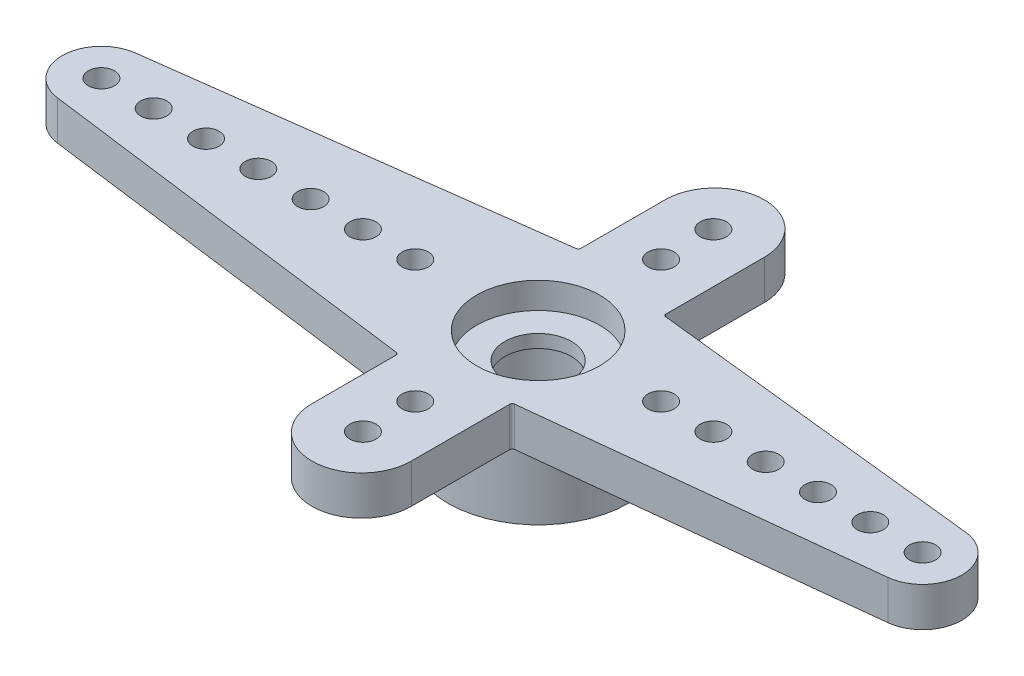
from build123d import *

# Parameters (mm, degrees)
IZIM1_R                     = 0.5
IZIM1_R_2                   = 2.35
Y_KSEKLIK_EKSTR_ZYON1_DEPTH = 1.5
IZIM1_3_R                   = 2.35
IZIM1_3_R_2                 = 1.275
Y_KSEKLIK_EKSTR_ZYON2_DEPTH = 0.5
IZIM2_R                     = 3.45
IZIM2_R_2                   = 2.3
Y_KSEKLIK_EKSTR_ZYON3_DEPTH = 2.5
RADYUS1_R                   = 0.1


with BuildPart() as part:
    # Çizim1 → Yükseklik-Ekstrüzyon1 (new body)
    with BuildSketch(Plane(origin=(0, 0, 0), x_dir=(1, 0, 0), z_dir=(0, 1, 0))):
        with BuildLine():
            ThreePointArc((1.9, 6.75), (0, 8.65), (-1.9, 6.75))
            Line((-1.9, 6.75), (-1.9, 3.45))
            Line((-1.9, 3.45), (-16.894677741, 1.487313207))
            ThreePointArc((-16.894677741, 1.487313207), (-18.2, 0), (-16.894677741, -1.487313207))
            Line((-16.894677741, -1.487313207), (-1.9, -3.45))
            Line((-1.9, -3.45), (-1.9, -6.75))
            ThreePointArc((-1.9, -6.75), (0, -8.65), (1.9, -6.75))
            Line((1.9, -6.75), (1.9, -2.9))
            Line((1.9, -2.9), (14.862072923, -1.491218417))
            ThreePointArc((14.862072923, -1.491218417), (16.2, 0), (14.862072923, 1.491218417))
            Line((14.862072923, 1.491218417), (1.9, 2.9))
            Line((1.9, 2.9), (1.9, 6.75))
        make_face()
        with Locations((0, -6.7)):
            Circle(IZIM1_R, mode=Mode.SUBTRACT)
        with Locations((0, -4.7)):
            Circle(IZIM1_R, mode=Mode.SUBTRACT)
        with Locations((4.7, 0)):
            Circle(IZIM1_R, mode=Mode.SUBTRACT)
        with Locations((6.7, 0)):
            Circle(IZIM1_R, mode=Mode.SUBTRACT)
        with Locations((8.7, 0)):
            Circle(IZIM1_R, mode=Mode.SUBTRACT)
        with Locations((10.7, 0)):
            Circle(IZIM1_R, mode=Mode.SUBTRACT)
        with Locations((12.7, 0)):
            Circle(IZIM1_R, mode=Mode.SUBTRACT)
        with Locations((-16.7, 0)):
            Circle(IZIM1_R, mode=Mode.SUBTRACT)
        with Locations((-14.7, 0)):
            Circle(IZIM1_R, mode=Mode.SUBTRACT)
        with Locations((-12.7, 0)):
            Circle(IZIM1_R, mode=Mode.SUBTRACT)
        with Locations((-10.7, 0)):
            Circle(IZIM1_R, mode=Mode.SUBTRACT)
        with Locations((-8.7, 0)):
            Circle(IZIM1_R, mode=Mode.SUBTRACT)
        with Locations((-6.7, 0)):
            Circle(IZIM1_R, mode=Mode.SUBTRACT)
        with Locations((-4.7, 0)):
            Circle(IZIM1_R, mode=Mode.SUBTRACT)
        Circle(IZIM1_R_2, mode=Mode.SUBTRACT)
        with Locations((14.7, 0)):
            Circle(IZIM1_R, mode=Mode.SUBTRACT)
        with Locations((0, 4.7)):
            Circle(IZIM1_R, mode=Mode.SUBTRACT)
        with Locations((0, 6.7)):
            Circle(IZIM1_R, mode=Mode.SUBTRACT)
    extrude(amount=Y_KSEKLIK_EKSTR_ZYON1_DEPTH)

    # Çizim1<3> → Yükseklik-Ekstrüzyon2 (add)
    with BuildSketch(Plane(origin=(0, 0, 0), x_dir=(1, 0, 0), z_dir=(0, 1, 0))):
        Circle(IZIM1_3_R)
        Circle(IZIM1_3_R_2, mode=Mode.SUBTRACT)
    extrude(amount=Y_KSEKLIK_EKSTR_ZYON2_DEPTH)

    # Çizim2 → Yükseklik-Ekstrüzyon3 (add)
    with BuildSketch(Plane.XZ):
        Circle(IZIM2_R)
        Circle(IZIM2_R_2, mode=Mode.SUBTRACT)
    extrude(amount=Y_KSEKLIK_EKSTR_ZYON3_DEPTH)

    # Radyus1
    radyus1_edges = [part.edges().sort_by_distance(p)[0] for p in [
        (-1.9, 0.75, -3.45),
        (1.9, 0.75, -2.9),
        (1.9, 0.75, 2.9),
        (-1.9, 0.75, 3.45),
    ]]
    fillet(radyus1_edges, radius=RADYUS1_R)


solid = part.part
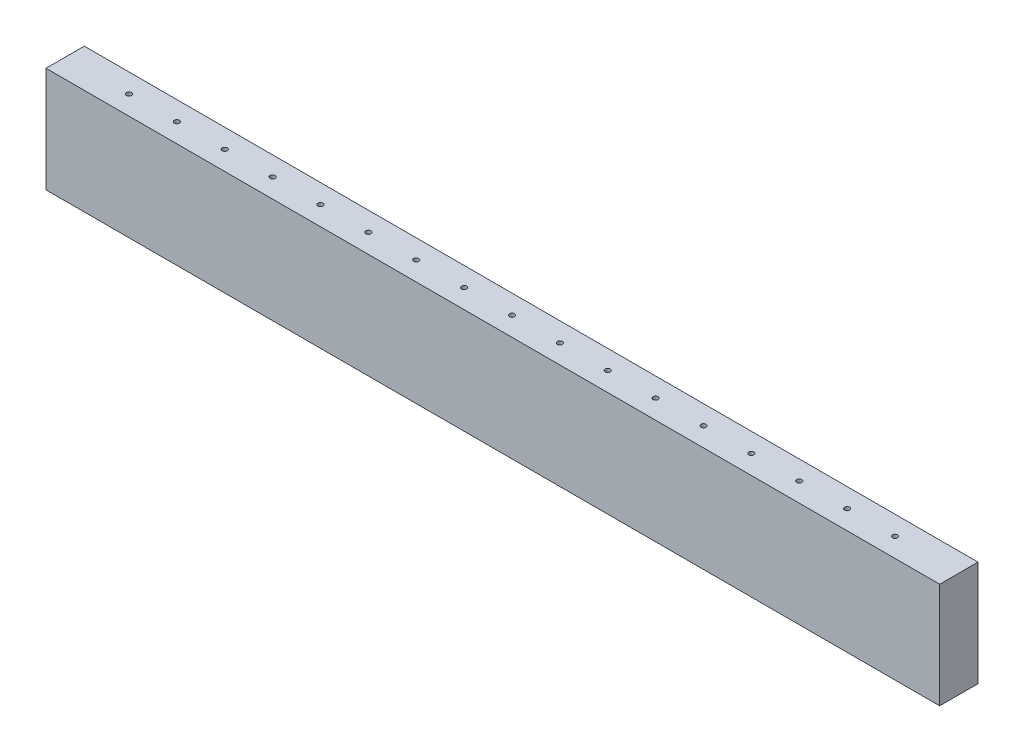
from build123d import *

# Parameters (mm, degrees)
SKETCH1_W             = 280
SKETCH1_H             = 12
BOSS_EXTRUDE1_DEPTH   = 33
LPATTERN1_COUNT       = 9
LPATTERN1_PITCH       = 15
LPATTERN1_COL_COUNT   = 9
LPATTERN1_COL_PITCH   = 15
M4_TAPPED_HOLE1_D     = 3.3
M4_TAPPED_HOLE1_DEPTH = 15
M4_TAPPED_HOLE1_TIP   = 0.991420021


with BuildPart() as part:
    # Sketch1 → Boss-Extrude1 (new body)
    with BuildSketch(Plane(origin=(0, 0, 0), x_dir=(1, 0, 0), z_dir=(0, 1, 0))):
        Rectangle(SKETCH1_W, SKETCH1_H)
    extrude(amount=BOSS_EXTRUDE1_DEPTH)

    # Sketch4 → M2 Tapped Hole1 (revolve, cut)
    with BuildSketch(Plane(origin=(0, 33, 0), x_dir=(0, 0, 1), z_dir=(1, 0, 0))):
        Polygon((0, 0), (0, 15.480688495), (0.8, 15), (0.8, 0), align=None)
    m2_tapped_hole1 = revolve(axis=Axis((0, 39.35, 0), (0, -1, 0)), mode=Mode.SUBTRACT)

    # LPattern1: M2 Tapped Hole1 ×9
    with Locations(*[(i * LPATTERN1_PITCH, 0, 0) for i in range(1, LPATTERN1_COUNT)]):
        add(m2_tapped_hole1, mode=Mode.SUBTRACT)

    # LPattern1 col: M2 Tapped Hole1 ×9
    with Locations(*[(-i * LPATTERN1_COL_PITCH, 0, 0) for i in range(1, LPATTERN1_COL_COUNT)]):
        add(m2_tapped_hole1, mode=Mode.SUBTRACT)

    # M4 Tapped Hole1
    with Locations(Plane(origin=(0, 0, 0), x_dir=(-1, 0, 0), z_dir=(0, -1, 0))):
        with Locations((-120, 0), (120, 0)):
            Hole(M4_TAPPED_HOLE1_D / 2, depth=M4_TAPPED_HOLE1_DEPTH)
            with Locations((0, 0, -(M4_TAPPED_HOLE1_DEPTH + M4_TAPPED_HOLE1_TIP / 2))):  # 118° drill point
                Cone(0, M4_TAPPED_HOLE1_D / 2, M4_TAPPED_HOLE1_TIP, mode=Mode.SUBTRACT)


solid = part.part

◆ **Work instruction**:
Word for word, print every record, and leave out any picture.

◆ **Task response**:
from build123d import *

# Parameters (mm, degrees)
IZIM1_R                     = 0.5
IZIM1_R_2                   = 2.35
Y_KSEKLIK_EKSTR_ZYON1_DEPTH = 1.5
IZIM1_3_R                   = 2.35
IZIM1_3_R_2                 = 1.275
Y_KSEKLIK_EKSTR_ZYON2_DEPTH = 0.5
IZIM2_R                     = 3.45
IZIM2_R_2                   = 2.3
Y_KSEKLIK_EKSTR_ZYON3_DEPTH = 2.5
RADYUS1_R                   = 0.1


with BuildPart() as part:
    # Çizim1 → Yükseklik-Ekstrüzyon1 (new body)
    with BuildSketch(Plane(origin=(0, 0, 0), x_dir=(1, 0, 0), z_dir=(0, 1, 0))):
        with BuildLine():
            ThreePointArc((1.9, 6.75), (0, 8.65), (-1.9, 6.75))
            Line((-1.9, 6.75), (-1.9, 3.45))
            Line((-1.9, 3.45), (-16.894677741, 1.487313207))
            ThreePointArc((-16.894677741, 1.487313207), (-18.2, 0), (-16.894677741, -1.487313207))
            Line((-16.894677741, -1.487313207), (-1.9, -3.45))
            Line((-1.9, -3.45), (-1.9, -6.75))
            ThreePointArc((-1.9, -6.75), (0, -8.65), (1.9, -6.75))
            Line((1.9, -6.75), (1.9, -2.9))
            Line((1.9, -2.9), (14.862072923, -1.491218417))
            ThreePointArc((14.862072923, -1.491218417), (16.2, 0), (14.862072923, 1.491218417))
            Line((14.862072923, 1.491218417), (1.9, 2.9))
            Line((1.9, 2.9), (1.9, 6.75))
        make_face()
        with Locations((0, -6.7)):
            Circle(IZIM1_R, mode=Mode.SUBTRACT)
        with Locations((0, -4.7)):
            Circle(IZIM1_R, mode=Mode.SUBTRACT)
        with Locations((4.7, 0)):
            Circle(IZIM1_R, mode=Mode.SUBTRACT)
        with Locations((6.7, 0)):
            Circle(IZIM1_R, mode=Mode.SUBTRACT)
        with Locations((8.7, 0)):
            Circle(IZIM1_R, mode=Mode.SUBTRACT)
        with Locations((10.7, 0)):
            Circle(IZIM1_R, mode=Mode.SUBTRACT)
        with Locations((12.7, 0)):
            Circle(IZIM1_R, mode=Mode.SUBTRACT)
        with Locations((-16.7, 0)):
            Circle(IZIM1_R, mode=Mode.SUBTRACT)
        with Locations((-14.7, 0)):
            Circle(IZIM1_R, mode=Mode.SUBTRACT)
        with Locations((-12.7, 0)):
            Circle(IZIM1_R, mode=Mode.SUBTRACT)
        with Locations((-10.7, 0)):
            Circle(IZIM1_R, mode=Mode.SUBTRACT)
        with Locations((-8.7, 0)):
            Circle(IZIM1_R, mode=Mode.SUBTRACT)
        with Locations((-6.7, 0)):
            Circle(IZIM1_R, mode=Mode.SUBTRACT)
        with Locations((-4.7, 0)):
            Circle(IZIM1_R, mode=Mode.SUBTRACT)
        Circle(IZIM1_R_2, mode=Mode.SUBTRACT)
        with Locations((14.7, 0)):
            Circle(IZIM1_R, mode=Mode.SUBTRACT)
        with Locations((0, 4.7)):
            Circle(IZIM1_R, mode=Mode.SUBTRACT)
        with Locations((0, 6.7)):
            Circle(IZIM1_R, mode=Mode.SUBTRACT)
    extrude(amount=Y_KSEKLIK_EKSTR_ZYON1_DEPTH)

    # Çizim1<3> → Yükseklik-Ekstrüzyon2 (add)
    with BuildSketch(Plane(origin=(0, 0, 0), x_dir=(1, 0, 0), z_dir=(0, 1, 0))):
        Circle(IZIM1_3_R)
        Circle(IZIM1_3_R_2, mode=Mode.SUBTRACT)
    extrude(amount=Y_KSEKLIK_EKSTR_ZYON2_DEPTH)

    # Çizim2 → Yükseklik-Ekstrüzyon3 (add)
    with BuildSketch(Plane.XZ):
        Circle(IZIM2_R)
        Circle(IZIM2_R_2, mode=Mode.SUBTRACT)
    extrude(amount=Y_KSEKLIK_EKSTR_ZYON3_DEPTH)

    # Radyus1
    radyus1_edges = [part.edges().sort_by_distance(p)[0] for p in [
        (-1.9, 0.75, -3.45),
        (1.9, 0.75, -2.9),
        (1.9, 0.75, 2.9),
        (-1.9, 0.75, 3.45),
    ]]
    fillet(radyus1_edges, radius=RADYUS1_R)


solid = part.part
from build123d import *

# Parameters (mm, degrees)
SKETCH1_W             = 280
SKETCH1_H             = 12
BOSS_EXTRUDE1_DEPTH   = 33
LPATTERN1_COUNT       = 9
LPATTERN1_PITCH       = 15
LPATTERN1_COL_COUNT   = 9
LPATTERN1_COL_PITCH   = 15
M4_TAPPED_HOLE1_D     = 3.3
M4_TAPPED_HOLE1_DEPTH = 15
M4_TAPPED_HOLE1_TIP   = 0.991420021


with BuildPart() as part:
    # Sketch1 → Boss-Extrude1 (new body)
    with BuildSketch(Plane(origin=(0, 0, 0), x_dir=(1, 0, 0), z_dir=(0, 1, 0))):
        Rectangle(SKETCH1_W, SKETCH1_H)
    extrude(amount=BOSS_EXTRUDE1_DEPTH)

    # Sketch4 → M2 Tapped Hole1 (revolve, cut)
    with BuildSketch(Plane(origin=(0, 33, 0), x_dir=(0, 0, 1), z_dir=(1, 0, 0))):
        Polygon((0, 0), (0, 15.480688495), (0.8, 15), (0.8, 0), align=None)
    m2_tapped_hole1 = revolve(axis=Axis((0, 39.35, 0), (0, -1, 0)), mode=Mode.SUBTRACT)

    # LPattern1: M2 Tapped Hole1 ×9
    with Locations(*[(i * LPATTERN1_PITCH, 0, 0) for i in range(1, LPATTERN1_COUNT)]):
        add(m2_tapped_hole1, mode=Mode.SUBTRACT)

    # LPattern1 col: M2 Tapped Hole1 ×9
    with Locations(*[(-i * LPATTERN1_COL_PITCH, 0, 0) for i in range(1, LPATTERN1_COL_COUNT)]):
        add(m2_tapped_hole1, mode=Mode.SUBTRACT)

    # M4 Tapped Hole1
    with Locations(Plane(origin=(0, 0, 0), x_dir=(-1, 0, 0), z_dir=(0, -1, 0))):
        with Locations((-120, 0), (120, 0)):
            Hole(M4_TAPPED_HOLE1_D / 2, depth=M4_TAPPED_HOLE1_DEPTH)
            with Locations((0, 0, -(M4_TAPPED_HOLE1_DEPTH + M4_TAPPED_HOLE1_TIP / 2))):  # 118° drill point
                Cone(0, M4_TAPPED_HOLE1_D / 2, M4_TAPPED_HOLE1_TIP, mode=Mode.SUBTRACT)


solid = part.part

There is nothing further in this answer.